Saturday, April 26, 2008

The top 100 living geniuses

Who are the greatest living geniuses of today? Creators Synectics asked and answered this question. They did so by asking 4,000 Britons to list up to 10 living people they considered geniuses. They received just 1,100 nominations in reply (which would seem to suggest that many Britons are not interested enough in genius to answer a question about them). Only 60 per cent of these nominees were actually alive at the time - the dead ones being discounted owing to their poor health.

Now, I would like you to guess (without looking at the list below to cheat), which country had the most geniuses per head of population, on Earth (according to this survey)?

The answer was Britain. One Briton out of every 2.5 million is considered a living genius, by the respondents. For America, only one in every 6.9 million Americans was considered a genius.

If this survey is accurate, it would seem to suggest that something in the British culture and education system is more conducive to giving rise to genius than the American system. It may be, for instance, that the American system is insufficiently intellectually challenging in High School (and perhaps at Bachelor's degree level) to bring out the best in its students. Whatever the reason, it is something to be concerned about, for it suggests that America's intellectual pre-eminence in the world is not to be an enduring one. To make the comparison more clear, if these proportions for genius hold true, then Britain has 23 living geniuses and America, just 43. Thus, though America is far vaster in size, it does not have a comparable intellectual weight.

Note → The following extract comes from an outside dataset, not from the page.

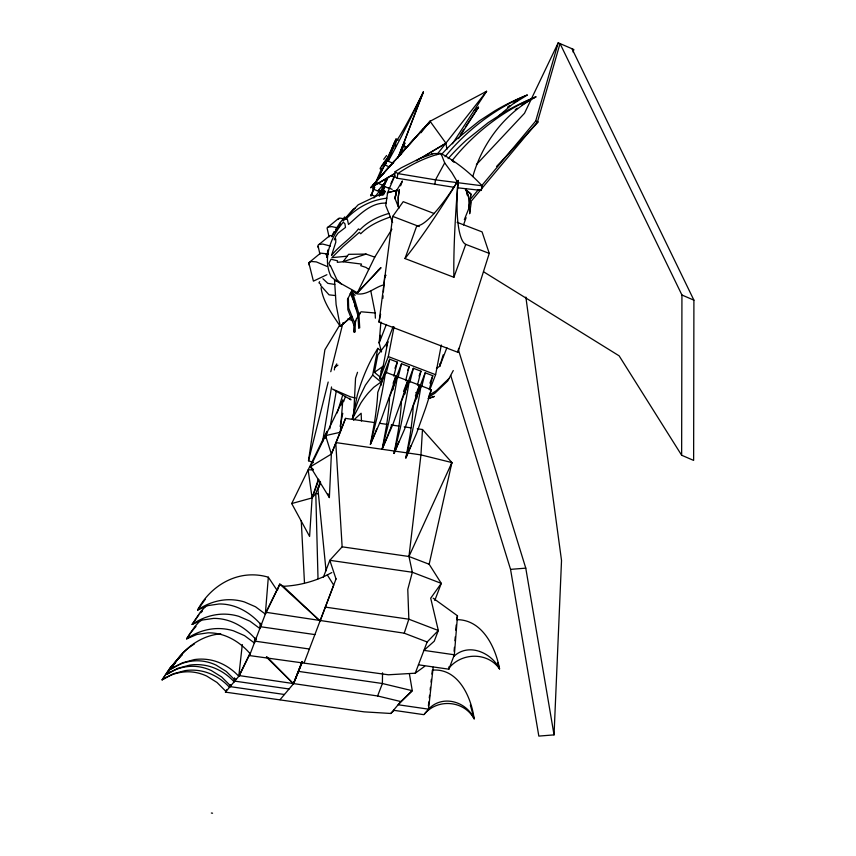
<?xml version="1.0" encoding="UTF-8"?>
<svg xmlns="http://www.w3.org/2000/svg" width="856" height="856" viewBox="0 0 856 856"><rect width="100%" height="100%" fill="white"/><g stroke="black" fill="none" stroke-linecap="round" stroke-linejoin="round"><path stroke-width="1.28" d="M572.011 48.739L693.906 300.167L693.628 460.4L681.644 455.242L681.932 295.01L560.038 43.581L537.504 121.83L469.965 202.701M382.536 672.848L382.397 683.516L377.603 695.971L239.348 675.609L225.438 692.13L364.217 711.86L390.785 713.476L394.413 710.17M469.709 213.529L469.869 208.821M353.646 415.481L355.55 378.181L357.53 372.296M450.727 375.484L510.55 569.368L538.831 736.096L554.046 734.876L561.525 560.498L525.862 297.053M313.168 469.323L310.407 466.777L331.368 454.065L340.249 432.291L342.817 400.105L310.407 466.777L329.367 497.561L331.368 454.065L345.546 418.381L374.233 422.532M417.268 428.76L422.479 429.509L420.949 454.9L408.965 556.496L412.335 572.257L407.777 589.388L408.836 619.198L404.225 633.183L266.034 612.308L249.535 655.578L388.378 674.785L415.246 673.201L424.683 666.31M325.366 438.24L325.569 435.608L340.249 432.291L345.546 418.381M199.78 621.199L194.836 626.549L186.619 638.865C195.082 632.958 205.087 629.278 215.412 628.636A46.78 41.933 1.1 0 1 233.367 630.776L244.495 635.612L254.35 642.942L254.778 637.667M205.28 606.765L200.336 612.126L192.119 624.441C200.582 618.535 210.587 614.854 220.912 614.212A46.78 41.933 1.1 0 1 238.856 616.352L249.984 621.188L259.85 628.518L260.278 623.243M205.205 599.361L197.618 610.018C206.082 604.111 216.087 600.431 226.401 599.788A46.78 41.933 1.1 0 1 244.356 601.928L255.484 606.765L265.349 614.094L268.324 577.212A51.328 47.241 5.7 0 0 248.112 575.018C226.53 576.634 207.462 591.122 197.618 610.018L207.922 605.609L219.018 603.983A46.78 39.932 40.7 0 1 236.042 606.915C245.854 610.563 254.435 617.026 261.208 624.944M418.445 664.802L448.854 669.199L449.058 666.663M454.097 651.288L454.418 647.339M454.943 640.759L455.264 636.8M455.799 630.219L456.216 624.944M448.854 669.199L454.354 654.776L457.5 615.796L433.147 598.173M380.899 322.038L379.165 343.031L381.509 351.955M382.857 298.434L383.071 295.812M383.392 291.875L384.59 277.451L385.521 275.044M393.054 163.293L388.185 161.185A78.795 3.467 -64.2 0 0 395.301 148.184L395.825 141.882A98.868 5.906 -64.8 0 0 407.071 123.168L409.51 118.706A98.868 5.906 -64.8 0 0 423.378 91.988L397.976 157.964M439.973 363.586L439.738 366.25L436.421 368.412M353.87 331.914L354.63 325.023M319.93 254.275L317.94 245.351L329.624 235.732L331.764 235.486M338.174 219.436L339.639 218.066L344.016 218.751M175.052 662.608L170.205 667.755L162.094 679.878L173.244 673.8L185.142 670.601A46.78 45.25 -2.3 0 1 203.225 671.446C213.337 673.94 222.464 679.675 229.504 687.304L229.793 684.661M182.328 654.861L174.849 662.244L166.727 674.368L177.888 668.301L189.786 665.091A46.78 45.25 -2.3 0 1 207.858 665.936C217.98 668.429 227.097 674.164 234.137 681.793L234.576 677.824M194.333 644.033C184.479 649.875 176.785 658.842 171.371 668.857L182.521 662.79L194.419 659.58A46.78 45.25 -2.3 0 1 212.502 660.425C222.614 662.918 231.741 668.654 238.781 676.283L242.302 644.536M428.396 705.879L428.845 701.909M429.284 697.94L429.573 695.286M430.161 690L430.45 687.357M431.039 682.061L431.338 679.418M431.927 674.121L432.366 670.152C458.324 667.862 471.335 697.287 474.149 718.847C464.252 700.518 437.823 698.228 424.469 713.99M393.482 710.266L423.891 714.674L428.535 709.164L433.19 667.209M326.254 436.774L326.853 431.499L291.714 503.553L309.594 536.445L312.087 497.914L308.149 469.869L313.371 469.816M457.104 222.314L482.056 231.88L489.258 253.387L457.874 352.308L379.026 322.091L392.722 216.386L403.219 201.663L434.195 213.54M469.612 213.7L471.217 202.391M468.917 208.169L470.864 194.098L466.156 190.118M399.292 189.7L398.2 197.34L398.318 206.424M399.377 189.529L398.286 197.169L398.415 206.243M313.446 462.647L308.513 460.763L324.873 349.804L339.618 325.301M395.055 198.827L396.767 190.246L387.618 192.707L385.735 205.547L392.615 222.496M387.34 193.253L394.98 175.33M433.083 153.802L420.243 158.253L401.282 167.797L395.087 171.724L394.381 176.379L397.152 178.241L453.594 187.229M397.152 178.241L397.858 173.586C410.955 164.534 425.475 157.354 440.968 153.481C456.409 161.763 470.158 172.966 482.056 185.773L481.35 190.428L457.361 187.774M434.805 184.511L435.511 179.856L444.692 162.929L440.968 153.481L431.681 153.599M457.532 186.608L458.056 183.12L451.85 172.634L444.692 162.929M342.036 405.252L342.817 400.105M326.618 257.41L327.024 254.928M327.441 252.445L327.848 249.963M322.552 441.889L331.54 386.966M334.322 369.963L334.75 367.352L336.772 363.918M329.795 428.792L336.344 390.614M379.615 340.453L379.165 343.031L386.324 324.499M380.064 337.874L380.513 335.295M326.393 434.056L326.853 431.499M377.817 348.349L371.975 358.268A57.941 16.617 -70.2 0 0 357.369 394.884L352.426 418.777A39.183 9.651 -71.6 0 1 359.852 396.628L365.394 385.2L372.67 375.078L377.817 348.349L381.519 351.442M380.631 377.464L374.457 372.339L377.796 354.983L387.843 341.737L383.135 366.25L381.188 371.279M382.236 379.711L379.754 378.759L381.69 368.669M353.817 413.716L352.426 418.777L360.793 403.123A34.946 11.374 -59 0 1 368.433 392.818L373.665 387.361L381.016 382.022L381.744 378.202M381.123 385.179L382.557 377.731L389.715 359.21L397.323 362.131L393.814 376.137M379.754 378.759L388.314 356.578L394.028 326.885M392.947 389.715L394.381 382.268L401.539 363.747L409.147 366.657L405.626 380.663M404.77 394.242L406.204 386.794L413.352 368.273L420.97 371.194L417.45 385.2M416.594 398.778L418.028 391.331L425.175 372.799L432.794 375.72L429.273 389.726M429.894 389.491L435.608 374.693L441.311 345M340.132 426.416L342.764 413.33M379.026 322.091L380.61 314.238M457.874 352.308L458.656 348.381M434.773 600.473L441.289 583.375L429.156 564.243L451.915 462.572L422.479 429.509M394.851 198.496L396.767 190.246L394.948 198.314L398.885 208.265M308.513 460.763L328.18 382.033M330.769 371.707L343.021 322.669M386.195 373.216L389.715 359.21M398.019 377.753L401.539 363.747M409.831 382.279L413.352 368.273M421.655 386.805L425.175 372.799M354.32 332.342L354.106 325.665L355.572 320.433M355.272 331.903L355.015 323.878L356.481 318.646L357.926 316.902M384.023 194.109L385.072 191.081L382.835 194.965A8.325 0.888 -68.3 0 0 383.595 190.524L381.712 194.483M481.832 185.538L535.696 121.049L558.219 42.8L573.83 49.52L573.092 52.077M443.194 354.876L439.738 366.25L446.896 347.718M386.345 346.659L387.843 341.737M337.157 412.956L342.7 395.215M318.357 479.189L312.087 497.914L291.714 503.553M382.172 169.017L381.862 170.184L388.988 156.124M379.294 196.056L380.695 192.654L379.807 194.579M343.609 401.657L345.482 396.328M463.524 224.935L466.103 217.691M404.984 258.544L416.851 225.631A64.778 13.386 -59.2 0 0 458.153 180.456A67.678 15.643 -83.9 0 0 465.75 244.377L453.883 277.28L404.984 258.544A128.839 15.408 -58.8 0 0 458.153 180.456A132.744 12.455 -85 0 0 453.883 277.28M318.892 479.531L312.087 497.914L315.789 493.527L320.454 481.404M280.062 699.684L293.447 683.794L302.543 661.602M383.702 159.344L386.58 155.514M400.576 185.838L402.427 180.991L396.681 190.417L387.618 192.707M304.222 662.608L336.066 578.881M277.483 590.105L279.773 584.092L320.069 621.007L333.701 585.119L327.302 574.943C313.628 581.738 298.53 585.622 283.272 586.307L279.773 584.092L266.034 612.308M326.05 570.824L317.95 489.268L320.583 482.377M323.311 577.383L329.817 560.316L342.143 546.824L335.755 442.563L420.949 454.9L451.915 462.572L450.502 466.285M415.246 673.201L427.144 641.979L438.325 630.508L430.707 598.183L441.289 583.375L412.335 572.257L329.817 560.316L336.023 578.998M456.58 618.192L457.5 615.796M388.934 432.419L390.197 429.124M386.452 343.909L393.118 326.65M385.564 372.189L377.764 392.39L377.582 395.782A39.558 3.948 -81.2 0 1 374.575 421.88L370.391 444.414L381.07 419.836L390.058 394.798A56.806 5.789 -71.3 0 0 395.868 376.137L385.564 372.189A58.561 3.916 -79.3 0 1 382.172 391.781L376.843 418.22L370.391 444.414L374.992 433.297M394.948 368.305L397.323 362.131M393.118 383.274L395.868 376.137M397.377 376.726L389.576 396.916L389.405 400.308A39.558 3.948 -81.2 0 1 386.398 426.406L382.215 448.94L392.893 424.373L401.881 399.335A56.806 5.789 -71.3 0 0 407.691 380.674L397.377 376.726A58.561 3.916 -79.3 0 1 393.995 396.307L388.667 422.746L382.215 448.94L386.805 437.833M407.724 370.37L409.147 366.657M403.561 391.363L407.691 380.674M409.2 381.252L401.4 401.453L401.229 404.845A39.558 3.948 -81.2 0 1 398.222 430.943L394.038 453.477L404.706 428.899L413.694 403.861A56.806 5.789 -71.3 0 0 419.515 385.2L409.2 381.252A58.561 3.916 -79.3 0 1 405.808 400.843L400.48 427.283L394.038 453.477L397.355 445.548M419.065 376.126L420.97 371.194M415.385 395.9L419.515 385.2M421.024 385.789L413.223 405.979L413.041 409.371A39.558 3.948 -81.2 0 1 410.035 435.469L405.862 458.003L416.53 433.436L425.518 408.398A56.806 5.789 -71.3 0 0 431.328 389.737L421.024 385.789A58.561 3.916 -79.3 0 1 417.632 405.37L412.303 431.809L405.862 458.003L409.179 450.074M429.926 383.135L432.794 375.72M428.578 396.863L431.328 389.737M389.63 167.016L385.179 165.09L386.666 161.26L375.955 182.339M302.05 661.667L293.447 683.794L266.387 657.087M294.657 681.055L302.264 661.517M380.813 192.343L373.034 188.983L374.307 185.72M379.08 195.66L380.567 191.669M375.41 432.237L376.694 428.974M387.233 436.774L388.517 433.51M302.147 661.635L293.447 683.794L266.858 656.777M389.459 154.936L396.028 139.036L398.254 139.999M317.95 489.268L320.369 483.201M464.348 219.65L469.013 207.987L470.961 193.916L465.3 189.144M385.179 165.09L396.028 139.036M379.775 194.644L380.032 193.98L379.262 195.617M399.966 154.979L404.92 142.888L403.508 146.087M397.783 444.478L399.057 441.3M409.596 449.015L410.88 445.837M387.147 178.733L386.602 180.124L387.426 178.519M380.695 192.868L385.371 181.996L378.331 190.406L380.695 192.868L387.586 177.566M388.185 161.185L389.491 157.814L388.421 159.879L387.618 159.537M400.843 150.581L403.123 145.028A98.868 0.984 -68.5 0 1 410.72 124.751L412.539 120.011A98.868 0.984 -68.5 0 1 423.378 91.988A78.795 3.467 -64.2 0 1 400.972 137.324L395.301 148.184M388.421 159.879L395.825 141.882L395.033 141.529L393.214 145.456L393.311 147.949M398.671 155.835L403.123 145.028L406.686 147.542M380.257 194.344L387.993 177.374M381.145 195.008L384.783 186.533L381.284 194.847M378.652 178.112L382.3 169.456L380.439 167.979A16.981 1.327 -51.7 0 1 387.5 157.793L388.924 155.963M373.858 188.555L371.172 194.644A78.795 1.445 -65.6 0 0 371.204 195.575L374.746 187.186M384.365 184.094L384.804 183.056M379.754 195.243L381.23 191.68L380.428 194.012M375.335 183.312L381.519 168.867M380.053 194.783L381.605 191.059L380.899 193.189M380.235 194.612L381.83 190.76L381.188 192.75M385.082 182.97L385.542 181.9M383.049 186.105L385.724 181.172L383.36 180.156M373.034 188.983L374.981 184.554M382.707 186.876L382.044 188.384M334.075 231.612L331.796 236.695C333.573 231.837 338.88 228.969 340.506 223.245L339.511 223.48L335.541 229.665M342.143 546.824L408.965 556.496L451.915 462.572M387.436 158.071L395.033 141.529M428.984 123.628L430.076 121.274L486.593 91.303L452.428 143.776M374.211 187.796L374.511 187.154M390.957 183.441L394.242 176.55M558.219 42.8L524.503 113.281L476.396 164.62M391.909 229.162L374.757 257.132L357.391 292.773L334.514 279.987L336.108 304.608L340.292 326.393L351.837 316.367M225.438 692.13L226.583 689.786M265.349 614.094L277.002 590.18L268.324 577.212M229.504 687.304L230.639 684.982M261.679 624.377L260.534 626.731L314.89 634.596M259.85 628.518L261.422 625.287M234.137 681.793L235.272 679.471M235.86 678.765L234.715 681.119L289.071 688.984M256.179 638.801L255.035 641.155L309.401 649.019M254.35 642.942L256.447 638.64M238.781 676.283L250.262 652.807M239.348 675.609L250.241 653.331M382.825 194.558L383.114 193.98M382.29 192.429L381.123 192.525M382.835 194.965L384.43 190.781L384.087 191.38L383.178 190.984L383.552 192.611M453.273 370.541L447.752 380.909L435.009 393.118L428.546 397.216M371.793 194.601L371.204 195.575M383.531 284.898C374.393 287.455 366.593 295.898 356.021 293.672L352.03 290.516L347.525 299.386L347.846 309.744L354.106 325.665M350.179 293.918L351.195 292.164L355.176 295.32M381.573 166.62L387.907 157.772M319.62 281.71L318.967 282.822L320.872 284.492L320.519 285.337L329.046 294.839L335.531 295.566M428.064 124.58L430.076 121.274L445.944 143.23L446.939 149.201M384.59 277.451L385.97 275.236M458.463 138.608L478.504 107.214L474.256 110.445M460.239 134.799L463.888 129.277M465.354 127.073L478.504 107.214L474.866 110.552M339.511 223.48L344.754 216.857M421.002 132.744L430.076 121.274L398.393 156.391L401.528 154.059M436.86 154.69L486.593 91.303L484.582 92.705M198.892 614.79L192.119 624.441L202.423 620.033L213.519 618.407A46.78 39.932 40.7 0 1 230.542 621.338C240.354 624.987 248.936 631.45 255.719 639.368M373.944 198.004L379.251 191.487M470.714 198.849L478.408 189.636M390.785 713.476L400.822 701.556L412.282 690.696L409.403 673.865M394.177 161.153L370.723 187.667L394.712 173.747M430.076 121.274L370.723 187.667L394.648 173.533M420.029 132.412L423.624 128.496M425.175 126.709L426.93 124.794M409.724 143.829L420.317 132.198M398.286 156.584L413.705 139.592M389.48 166.46L403.786 150.688M382.45 174.41L393.867 161.784M377.753 179.717L383.948 172.88M373.066 185.024L374.029 183.976M375.41 182.371L377.336 180.274M180.509 656.113L170.772 667.723L166.727 674.368C174.859 668.921 184.607 665.904 194.408 666.321A46.78 43.239 57.4 0 1 211.314 670.537L221.629 676.957L230.649 685.945M175.876 661.624L170.74 667.124L162.094 679.878C170.216 674.432 179.963 671.414 189.775 671.821A46.78 43.239 57.4 0 1 206.671 676.037L216.996 682.457L226.005 691.455M496.544 166.492L538.296 121.937M380.792 267.875L357.391 292.773L380.888 267.703L377.956 270.4M383.97 192.793L385.007 191.776M200.625 612.896L202.465 611.109M196.045 626.421L190.128 633.258L186.619 638.865L196.934 634.457L208.019 632.83A46.78 39.932 40.7 0 1 225.042 635.762C234.854 639.411 243.436 645.873 250.22 653.791M448.94 378.566L436.196 390.775L429.733 394.873M338.741 218.312L327.056 227.931L329.057 236.855L329.624 235.732M359.723 327.88L358.889 313.906L361.157 311.798L375.153 312.986L375.367 318.175M358.75 328.394L357.99 315.682L360.258 313.574M353.549 420.168L361.146 413.234L361.467 420.992M499.123 115.507L512.519 104.218L527.221 95.091L518.886 98.536A219.115 215.348 -44.6 0 0 494.715 110.927L479.414 120.846L457.949 138.041A230.756 226.797 -44.6 0 0 441.182 154.818M449.539 667.413C462.454 652.39 487.974 652.122 499.54 668.921C495.624 647.211 482.195 619.37 456.644 619.68M350.928 317.105L340.292 326.393C332.363 314.43 323.076 302.254 321.075 287.755M427.957 709.838C441.407 694.163 466.413 700.978 474.149 718.847L470.34 705.002M453.669 656.563C468.403 642.385 491.483 652.54 499.54 668.921L497.614 662.533M507.587 107.118L509.662 105.598M515.237 109.728L517.324 108.209M374.457 372.339L383.135 366.25M334.75 367.352L337.917 365.17M513.921 102.72L518.255 99.992M521.529 105.245L528.045 101.158M422.062 157.558L445.944 143.23L416.305 160.735M355.272 208.104L353.346 209.131L343.085 220.837L358.193 204.777L379.251 194.751M327.302 574.943L331.818 572.568M388.934 213.411C378.277 216.504 367.695 221.544 359.916 229.836L358.45 228.927C350.575 238.952 339.297 245.49 331.507 255.473L335.766 242.323L335.766 239.017L334.257 239.808L335.862 236.267L338.077 233.1L345.492 227.439L344.936 223.791L343.267 222.186C330.983 236.77 322.027 258.341 331.176 276.788L336.472 281.164M390.379 216.975C379.636 220.73 368.84 225.503 360.708 233.763L359.381 232.351L342.967 246.689L331.903 257.635L347.215 256.19M428.546 398.629L434.399 396.424L428.043 398.5M374.757 257.132L366.058 254.082L343.053 261.733L337.328 262.343L337.499 260.791L331.058 259.229L328.929 263.241L330.138 266.269L330.459 265.799L336.825 279.548L341.351 284.106M327.966 227.086L331.85 226.637L336.922 227.707M318.849 244.506L322.733 244.056L330.47 246.089M386.816 198.218C371.162 199.812 356.299 207.933 345.642 219.468L346.926 218.965L347.525 219.949L348.51 224.475C359.349 215.156 370.498 202.433 386.099 203.129M220.805 633.825C199.501 635.505 181.247 650.496 171.371 668.857C179.493 663.411 189.24 660.393 199.052 660.811A46.78 43.239 57.4 0 1 215.947 665.026L226.273 671.446L235.282 680.434M510.55 569.368L525.777 568.149L554.046 734.876M366.058 254.082L348.617 254.328L343.053 261.733L361.5 264.065L360.75 265.702L366.09 267.457L368.765 269.426M378.331 190.406L381.894 190.514M404.064 146.665L406.964 147.168M334.803 284.438L327.827 283.357L322.937 278.767M482.056 185.773L435.511 179.856L397.858 173.586L395.087 171.724M379.454 423.281L387.276 424.416M391.192 424.983L399.014 426.117M404.225 426.877L410.752 427.818M318.411 493.901L315.789 493.527L318.015 578.731M325.355 607.118L408.836 619.198L438.325 630.508L434.249 641.197L423.934 650.378L454.354 654.776M298.915 671.436L382.397 683.516L412.282 690.696L398.126 704.755L428.535 709.164M230.071 686.619L284.438 694.494M211.346 813.029L212.566 813.2M328.415 253.975L320.508 253.151L308.813 262.771L309.358 265.424M477.552 189.615L481.35 190.428M355.411 397.997L350.318 396.788L332.449 389.041L350.981 399.795L349.269 398.286M377.603 695.971L400.822 701.556M392.722 216.386L419.301 226.573M465.75 244.377L489.258 253.387M347.857 318.871L352.586 320.679M388.314 356.578L435.608 374.693M415.834 392.594L418.327 393.546M408.965 556.496L429.156 564.243M404.225 633.183L427.144 641.979M327.452 254.243L325.772 253.59L327.227 256.982M535.696 121.049L537.504 121.83M681.932 295.01L693.906 300.167M391.203 175.833L394.349 177.192M377.068 182.82L382.621 185.217M384.098 186.244L389.341 188.502M381.605 192.129L383.424 192.921M371.172 194.644L374.821 196.227M388.496 187.774L392.155 189.379M483.576 271.78L619.134 355.839L681.644 455.242M327.013 266.419L316.324 261.893L311.37 261.487L308.813 262.771L313.414 281.132L326.906 274.712M372.67 375.078L381.016 382.022M452.043 160.489L453.958 162.266M283.272 586.307L320.069 621.007M403.914 145.37L406.172 148.334M317.811 246.539L318.486 248.005M350.404 293.522L356.556 307.636M355.015 323.878L348.681 308.096L348.36 297.738M354.555 305.068L356.021 308.781M328.051 493.848L329.367 497.561M468.628 196.848L465.974 188.973L467.151 195.061M466.263 190.278L468.532 197.03L469.313 207.387M325.569 435.608L331.368 454.065M458.474 350.029L525.777 568.149M352.03 290.516L358.889 313.906M351.195 292.164L357.99 315.682M370.851 291.222L375.153 312.986M301.248 520.641L304.479 582.925M391.845 424.737A37.707 2.557 -69.3 0 1 390.614 428.021M445.067 156.723A222.902 212.181 -86.9 0 1 527.178 94.973M452.139 160.575A222.902 212.181 -86.9 0 1 535.877 96.814M448.116 158.638A230.756 226.797 -44.6 0 1 466.648 139.892L488.113 122.697L503.414 112.778A219.115 215.348 -44.6 0 1 527.585 100.387L535.92 96.942C512.359 109.311 493.441 129.673 481.703 153.459A135.687 129.834 88.7 0 0 472.801 176.561M380.364 168.942A16.981 1.327 -51.7 0 1 380.439 167.979M381.84 194.633A6.185 0.845 -65.7 0 1 382.932 194.515"/></g></svg>

One reason for this could be that the people asked for their opinion were Britons. That might hold true in a world where information was not transmitted so readily. In the modern world, fame extends around the world. American geniuses are just as familiar to Britons as British ones - so too the geniuses from elsewhere in the world. So, I doubt that that is the explanation. The Britons would know of American geniuses (and those from elsewhere) and would therefore be able to vote for them.

Nor can we say that they were excluding Americans in preference for Britons, because they had up to 10 votes each: there was room for many a nationality there.

We have to consider, therefore, that this is a real difference and that American ingenuity is not, comparatively, what one would have thought. Perhaps they need to become more attractive to British immigrants.

A note: when this list was compiled, Bobby Fischer was still alive.

Other curiosities: J K Rowling is on the list. I am not sure that she is really a genius, for her work does appear to be rather derivative - yet she got the popular vote. Damien Hirst, too, has often been accused of plagiarism, by other artists - so his place, too, is questionable.

The funniest thing about the list is Richard Branson's description as a "publicist". In a way, that is exactly what he is, for he has built his Virgin empire on generating media coverage for himself.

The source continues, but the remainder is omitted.